**HOW TO COMPLETE THIS TASK:** Your answer should hold all lines of the entries that include the word "start".

━━━

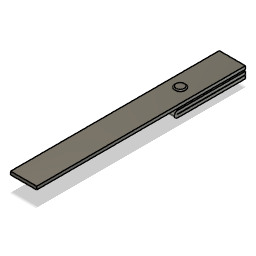
light v1 (Autodesk Fusion 360 design; units mm, degrees)
Autodesk Fusion 360 part; units mm, degrees
sketch "Esquisse1" plane through (0, 0, 0) normal (0, 1, 0) x (1, 0, 0)
  line L0 (25, 200) -> (-25, 200)
  line L1 (-25, 200) -> (-25, -200)
  line L2 (-25, -200) -> (25, -200)
  line L3 (25, -200) -> (25, 200)
  line L4 (25, 200) -> (-25, -200) construction
  line L5 (-25, 200) -> (25, -200) construction
  circle A0 centre (0, 100) radius 6.5
  circle A1 centre (0, 100) radius 4
  dimension "d1" = 50
  dimension "d2" = 400
  dimension "d3" = 13
  dimension "d4" = 8
  constraint horizontal L0
  constraint perpendicular L0 L1
  constraint parallel L0 L2
  constraint parallel L1 L3
  constraint coincident L4 origin
  constraint coincident L5 origin
  constraint concentric A0 A1
  measures "d1" distance of L1.end L2.end
  measures "d2" distance of L0.end L1.end
  measures "d3" diameter of A0
  measures "d4" diameter of A1
extrude "Extrusion1" add sketch "Esquisse1" against normal blind 6 contours L0 L1 L2 L3 makes body 1
extrude "Extrusion2" add sketch "Esquisse1" against normal blind 7 contours A0 bodies 1
fillet "Congé1" radius 3 1 edges at (-6.0601, -7, -102.3505) on bodies 1
extrude "Extrusion3" add 1 faces at (0.1619, -6, 102.1606) along direction (0, -1, 0) blind 9 and the other way blind -3 on bodies 1 bodies 1 makes body 2
extrude "Extrusion4" add sketch "Esquisse1" along normal blind -15 and the other way blind 8 contours A0 bodies 2
fillet "Congé2" radius 3 1 edges at (-6.0601, -8, -102.3505) on bodies 2
extrude "Extrusion5" add 1 faces at (0, -15, 101.3333) along direction (0, -1, 0) blind 6.5 and the other way blind -0.5 separate body on bodies 2 makes body 3
extrude "Extrusion6" add sketch "Esquisse1" along normal blind -22.5 and the other way blind 15.5 contours A0 bodies 3
fillet "Congé3" radius 3 1 edges at (-6.0601, -22.5, -102.3505) on bodies 3
extrude "Extrusion7" add sketch "Esquisse1" along normal blind 1 contours A0 bodies 1
fillet "Congé4" radius 3 1 edges at (-6.0601, 1, -97.6495) on bodies 1
extrude "Extrusion8" cut 2 faces at (-8.3333, -17.5, 200) (-8.3333, -11, 200) along direction (0, 0, -1) blind 270 on bodies 2 3 bodies 2 3
extrude "Extrusion9" add 1 faces at (-0.0996, -15, -167.9963) along direction (0, -1, 0) blind 0.25 separate body on bodies 2 makes body 4
revolve "Révolution1" add 1 faces at (-8.3333, -11, -70) angle 180 about axis through (25, -15.25, -70) along (1, 0, 0) on bodies 2 bodies 2 3 4
extrude "Extrusion10" cut 1 faces at (-0.0996, -15.25, -167.9963) along direction (0, 1, 0) blind 0.25 on bodies 2 bodies 2
sketch "Esquisse2" plane through (0, 0, 0) normal (0, -1, 0) x (1, 0, 0)
  line L0 (25, -70) -> (-25, -70)
  line L1 (-25, -70) -> (-25, -200)
  line L2 (-25, -200) -> (25, -200)
  line L3 (25, -200) -> (25, -70)
  circle A0 centre (0, -100) radius 6.5
  circle A1 centre (0, -100) radius 10
  circle A2 centre (0, -100) radius 3.5
  circle A3 centre (0, -100) radius 6.5
  line L4 (25, 200) -> (25, -200)
  line L5 (25, -200) -> (-25, -200)
  line L6 (-25, -200) -> (-25, 200)
  line L7 (-25, 200) -> (25, 200)
  dimension "d42" = 7
  constraint concentric A0 A1
  constraint concentric A1 A2
  measures "d42" diameter of A2
extrude "Extrusion11" add sketch "Esquisse2" along normal blind -1 and the other way blind 4 separate body contours A0 A3 | A1 | A2 makes body 5
fillet "Congé5" radius 2 1 edges at (-9.3233, 4, -96.3838) on bodies 5
fillet "Congé6" radius 1 1 edges at (-9.3233, 1, -96.3838) on bodies 5
extrude "Extrusion12" add sketch "Esquisse2" along normal blind 22.5 and the other way blind 1 contours A2 bodies 5
extrude "Extrusion13" add 1 faces at (1.7216, -22.5, -100.6592) along direction (0, -1, 0) blind 12 on bodies 5 bodies 5
ref_plane "Plan de construction1" through (0, 0, -100) normal (0, 0, 1) x (1, 0, 0)
sketch "Esquisse3" plane through (0, 0, -100) normal (0, 0, 1) x (1, 0, 0)
  line L0 (0, -32.5) -> (0, -22.5)
  line L1 (0, -22.5) -> (0, -22.7)
  circle A0 centre (0, -25.5) radius 1.7
  line L2 (0, -34.5) -> (-1.5, -34.5)
  line L3 (-1.5, -34.5) -> (-1.5, -32.5)
  circle A1 centre (-1.5, -32.5) radius 2
  circle A2 centre (1.5, -32.5) radius 2
  line L4 (3.5, -34.5) -> (3.5, -31.3)
  line L5 (-3.5, -34.5) -> (3.5, -34.5)
  line L6 (3.5, -34.5) -> (-3.5, -34.5)
  line L7 (-3.5, -34.5) -> (-3.5, -31.3)
  dimension "d60" = 3.4
  dimension "d65" = 1.5
  dimension "d66" = 2
  dimension "d67" = 4
  constraint vertical L0
  constraint coincident L0 L1.end
  constraint horizontal L2
  constraint perpendicular L2 L3
  constraint coincident L3.end A1.centre
  constraint symmetric L0 A1 A2
  constraint vertical L4
  constraint tangent A2 L4
  constraint coincident L4.start L5
  constraint coincident L4.start L5.end
  constraint coincident L5.start L6.end
  constraint perpendicular L6 L7
  constraint coincident L0 A0.centre
  measures "d60" diameter of A0
  measures "d65" distance of L2.start L2.end
  measures "d66" distance of L2.end L3.end
  measures "d67" diameter of A1
extrude "Extrusion14" cut sketch "Esquisse3" along normal blind 5 and the other way blind 5 contours L0 A0 | L0 A0 bodies 5
thread "Filetage2" "ISO Metric profile 7.0 M7x1 6g" major diameter 6.884 minor diameter 5.744 pitch 1 angle 60 modelled right hand crest width 0.1446 on face at (-2.0275, -19.6639, -102.8529) crest through (3.442, 1.25, -100) on bodies 5
revolve "Révolution2" cut sketch "Esquisse3" angle 360 about axis through (0, -32.5, -100) along (0, 1, 0) contours A1 L5 L6 L7 | A2 L4 L5 L6 bodies 5
sketch "Esquisse5" plane through (0, -34.5, 0) normal (0, -1, 0) x (1, 0, 0)
  circle A0 centre (0, -100) radius 1.5
  circle A1 centre (0, -100) radius 10
  circle A2 centre (0, -100) radius 3.5
  circle A3 centre (0, -100) radius 5.5
  circle A4 centre (0, -100) radius 9
  circle A5 centre (0, -100) radius 8.9
  line L0 (0, -108.9) -> (7.7076, -104.45)
  line L1 (7.7076, -104.45) -> (7.7076, -95.55)
  line L2 (7.7076, -95.55) -> (0, -91.1)
  line L3 (0, -91.1) -> (-7.7076, -95.55)
  line L4 (-7.7076, -95.55) -> (-7.7076, -104.45)
  line L5 (-7.7076, -104.45) -> (0, -108.9)
  line L6 (0, -109) -> (7.7942, -104.5)
  line L7 (7.7942, -104.5) -> (7.7942, -95.5)
  line L8 (7.7942, -95.5) -> (0, -91)
  line L9 (0, -91) -> (-7.7942, -95.5)
  line L10 (-7.7942, -95.5) -> (-7.7942, -104.5)
  line L11 (-7.7942, -104.5) -> (0, -109)
  point P0 (0, -100)
  point P1 (0, -100)
  dimension "d69" = 20
  dimension "d70" = 7
  dimension "d71" = 11
  dimension "d94" = -1
  dimension "d95" = -1.1
  constraint concentric A0 A1
  constraint concentric A1 A2
  constraint concentric A1 A3
  constraint coincident P1 P0
  constraint coincident A5 L0.start
  constraint coincident A4 L6.start
  measures "d69" diameter of A1
  measures "d70" diameter of A2
  measures "d71" diameter of A3
extrude "Extrusion16" add sketch "Esquisse5" against normal blind 7 separate body contours A2 | A3 | L0 L1 L2 L3 L4 L5 makes body 6
extrude "Extrusion19" add sketch "Esquisse5" against normal blind 7 separate body contours A1 | A4 A5 L7 | A4 A5 L8 | A4 A5 L6 | A4 A5 L9 | A5 L7 | A5 L8 | A4 A5 L11 | A5 L6 | A4 A5 L10 | A5 L9 | A5 L11 | A5 L10 makes body 7
extrude "Extrusion18" add sketch "Esquisse5" along normal blind 1 contours A0 | A1 | A2 | A3 | A4 A5 L7 | A4 A5 L8 | A5 L7 L8 | A4 A5 L6 | A5 L6 L7 | A4 A5 L9 | A5 L8 L9 | A5 L1 L7 | A5 L7 | A5 L8 | A5 L2 L8 | A5 L6 L11 | A4 A5 L11 | A5 L0 L6 | A5 L6 | A4 A5 L10 | A5 L9 L10 | A5 L9 | A5 L3 L9 | L0 L1 L2 L3 L4 L5 | A5 L10 L11 | A5 L5 L11 | A5 L11 | A5 L10 | A5 L4 L10 bodies 7
chamfer "Chanfrein1" distance 0.5 angle 45 1 edges at (-9.3233, -35.5, -103.6162) on bodies 7
thread "Filetage4" "ISO Metric profile 7.0 M7x1 6H" major diameter 7.1472 minor diameter 6.0355 pitch 1 angle 60 modelled right hand crest width 0.2748 on face at (-1.3822, -29.8333, -99.4173) crest through (3.0178, -34.25, -100) on bodies 6
sketch "Esquisse8" plane through (0, -35.5, 0) normal (0, -1, 0) x (1, 0, 0)
  circle A0 centre (0, -100) radius 9.5
  line L0 (2.1529, -103.726) -> (-0.1022, -103.7247)
  line L1 (-0.127, -102.8894) -> (4.5454, -102.9017)
  line L2 (-0.111, -93.9025) -> (0.5539, -93.9025)
  line L3 (-2.3574, -103.7233) -> (-2.561, -103.942)
  line L4 (-5.3603, -104.1349) -> (-5.7439, -103.5844)
  line L5 (0.5539, -93.9025) -> (1.0031, -94.5435)
  line L6 (2.3659, -99.2001) -> (1.1685, -97.2165)
  line L7 (1.8541, -95.7782) -> (2.2558, -96.3718)
  line L8 (1.1685, -97.2165) -> (-0.0289, -95.2329)
  line L9 (-2.561, -103.942) -> (-2.7647, -104.1607)
  line L10 (-4.7994, -102.877) -> (-0.127, -102.8894)
  line L11 (-2.4474, -98.9824) -> (-3.0749, -100.0226)
  line L12 (-3.5593, -99.1034) -> (-2.7615, -97.8938)
  line L13 (5.1426, -104.1591) -> (3.8384, -104.1591)
  line L14 (2.8468, -99.9984) -> (2.3659, -99.2001)
  line L15 (3.1814, -98.8624) -> (4.1069, -100.2645)
  line L16 (-0.1022, -103.7247) -> (-2.3574, -103.7233)
  line L17 (1.0031, -94.5435) -> (1.4523, -95.1845)
  line L18 (5.9218, -103.0086) -> (5.5322, -103.5838)
  line L19 (-4.3571, -100.3129) -> (-3.5593, -99.1034)
  line L20 (2.2558, -96.3718) -> (2.2558, -96.916)
  line L21 (-0.0521, -95.1941) -> (-0.0753, -95.1552)
  line L22 (-0.0753, -95.1552) -> (-0.117, -95.1699)
  line L23 (4.3334, -102.4614) -> (4.0822, -102.0604)
  line L24 (1.4523, -95.1845) -> (1.8541, -95.7782)
  line L25 (-2.7647, -104.1607) -> (-4.0625, -104.1478)
  line L26 (2.2558, -96.916) -> (2.2558, -97.4602)
  line L27 (-4.0625, -104.1478) -> (-5.3603, -104.1349)
  line L28 (5.0143, -101.6365) -> (5.9218, -103.0086)
  line L29 (2.2558, -97.4602) -> (3.1814, -98.8624)
  line L30 (-0.0289, -95.2329) -> (-0.0521, -95.1941)
  line L31 (3.8384, -104.1591) -> (2.5341, -104.1591)
  line L32 (-2.437, -96.8474) -> (-2.437, -96.2947)
  line L33 (4.1069, -100.2645) -> (5.0143, -101.6365)
  line L34 (3.5941, -101.2321) -> (3.3276, -100.7967)
  line L35 (-2.437, -97.4) -> (-2.437, -96.8474)
  line L36 (4.5847, -102.8623) -> (4.3334, -102.4614)
  line L37 (5.5322, -103.5838) -> (5.1426, -104.1591)
  line L38 (-3.0749, -100.0226) -> (-3.9372, -101.4498)
  line L39 (-6.1275, -103.034) -> (-6.0391, -102.8829)
  line L40 (4.0822, -102.0604) -> (3.9714, -101.864)
  line L41 (4.565, -102.882) -> (4.5847, -102.8623)
  line L42 (-0.9892, -96.5634) -> (-1.8198, -97.9422)
  line L43 (-0.117, -95.1699) -> (-0.1587, -95.1845)
  line L44 (3.3276, -100.7967) -> (2.8468, -99.9984)
  line L45 (-5.9508, -102.7319) -> (-5.1539, -101.5224)
  line L46 (-2.7615, -97.8938) -> (-2.5993, -97.6469)
  line L47 (2.5341, -104.1591) -> (2.3435, -103.9425)
  line L48 (2.3435, -103.9425) -> (2.1529, -103.726)
  line L49 (-0.7759, -93.9025) -> (-0.111, -93.9025)
  line L50 (4.5454, -102.9017) -> (4.565, -102.882)
  line L51 (-1.8198, -97.9422) -> (-2.4474, -98.9824)
  line L52 (-2.5993, -97.6469) -> (-2.437, -97.4)
  line L53 (3.9714, -101.864) -> (3.8606, -101.6675)
  line L54 (-1.6065, -95.0986) -> (-0.7759, -93.9025)
  line L55 (-0.1587, -95.1845) -> (-0.9892, -96.5634)
  line L56 (3.8606, -101.6675) -> (3.5941, -101.2321)
  line L57 (-3.9372, -101.4498) -> (-4.7994, -102.877)
  line L58 (-5.1539, -101.5224) -> (-4.3571, -100.3129)
  line L59 (-2.437, -96.2947) -> (-1.6065, -95.0986)
  line L60 (-6.0391, -102.8829) -> (-5.9508, -102.7319)
  line L61 (-5.7439, -103.5844) -> (-6.1275, -103.034)
  line L62 (0.026, -99.3269) -> (0.1067, -99.0458)
  line L63 (0.1067, -99.0458) -> (0.1873, -98.7647)
  line L64 (1.3787, -99.2969) -> (1.3509, -99.4178)
  line L65 (0.2142, -98.734) -> (0.4972, -98.6664)
  line L66 (0.2768, -100.3854) -> (-0.1004, -100.3847)
  line L67 (0.8286, -98.6012) -> (0.877, -98.6036)
  line L68 (0.2768, -100.3854) -> (-0.1004, -100.3847)
  line L69 (1.0463, -98.7229) -> (1.2157, -98.8422)
  line L70 (1.2157, -98.8422) -> (1.2972, -99.0696)
  line L71 (1.2157, -98.8422) -> (1.2972, -99.0696)
  line L72 (0.8286, -98.6012) -> (0.877, -98.6036)
  line L73 (1.3787, -99.2969) -> (1.3509, -99.4178)
  line L74 (0.2008, -98.7493) -> (0.2142, -98.734)
  line L75 (0.4658, -102.1164) -> (0.3706, -102.2306)
  line L76 (0.4972, -98.6664) -> (0.7803, -98.5988)
  line L77 (0.2739, -102.1876) -> (0.2723, -102.0304)
  line L78 (-0.358, -100.7048) -> (-0.3188, -100.9926)
  line L79 (0.2755, -102.3448) -> (0.2739, -102.1876)
  line L80 (0.2142, -98.734) -> (0.4972, -98.6664)
  line L81 (-1.3171, -100.9376) -> (-1.5364, -101.1154)
  line L82 (1.6586, -100.4178) -> (1.6881, -100.8009)
  line L83 (1.3509, -99.4178) -> (1.323, -99.5388)
  line L84 (-1.4452, -99.7767) -> (-1.5302, -99.6094)
  line L85 (1.2972, -99.0696) -> (1.3787, -99.2969)
  line L86 (1.0887, -100.9285) -> (0.893, -100.7459)
  line L87 (0.0787, -101.0119) -> (0.0787, -100.6912)
  line L88 (-0.3642, -99.0351) -> (-0.2755, -99.2969)
  line L89 (0.1067, -99.0458) -> (0.1873, -98.7647)
  line L90 (0.3706, -102.2306) -> (0.2755, -102.3448)
  line L91 (0.026, -99.3269) -> (0.1067, -99.0458)
  line L92 (-1.4452, -99.7767) -> (-1.5302, -99.6094)
  line L93 (-0.1248, -99.3119) -> (0.026, -99.3269)
  line L94 (1.2972, -99.0696) -> (1.3787, -99.2969)
  line L95 (1.3509, -99.4178) -> (1.323, -99.5388)
  line L96 (-1.7306, -101.0869) -> (-1.8219, -100.9302)
  line L97 (1.0463, -98.7229) -> (1.2157, -98.8422)
  line L98 (-0.6265, -100.6273) -> (-0.5521, -100.6281)
  line L99 (-0.4528, -98.7734) -> (-0.3642, -99.0351)
  line L100 (-0.8406, -99.9035) -> (-0.9494, -99.8781)
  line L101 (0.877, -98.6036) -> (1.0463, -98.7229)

━━━

**EXERCISE SOLUTION:**
  constraint coincident L4.start L5
  constraint coincident L4.start L5.end
  constraint coincident L5.start L6.end
  measures "d65" distance of L2.start L2.end
  constraint coincident A5 L0.start
  constraint coincident A4 L6.start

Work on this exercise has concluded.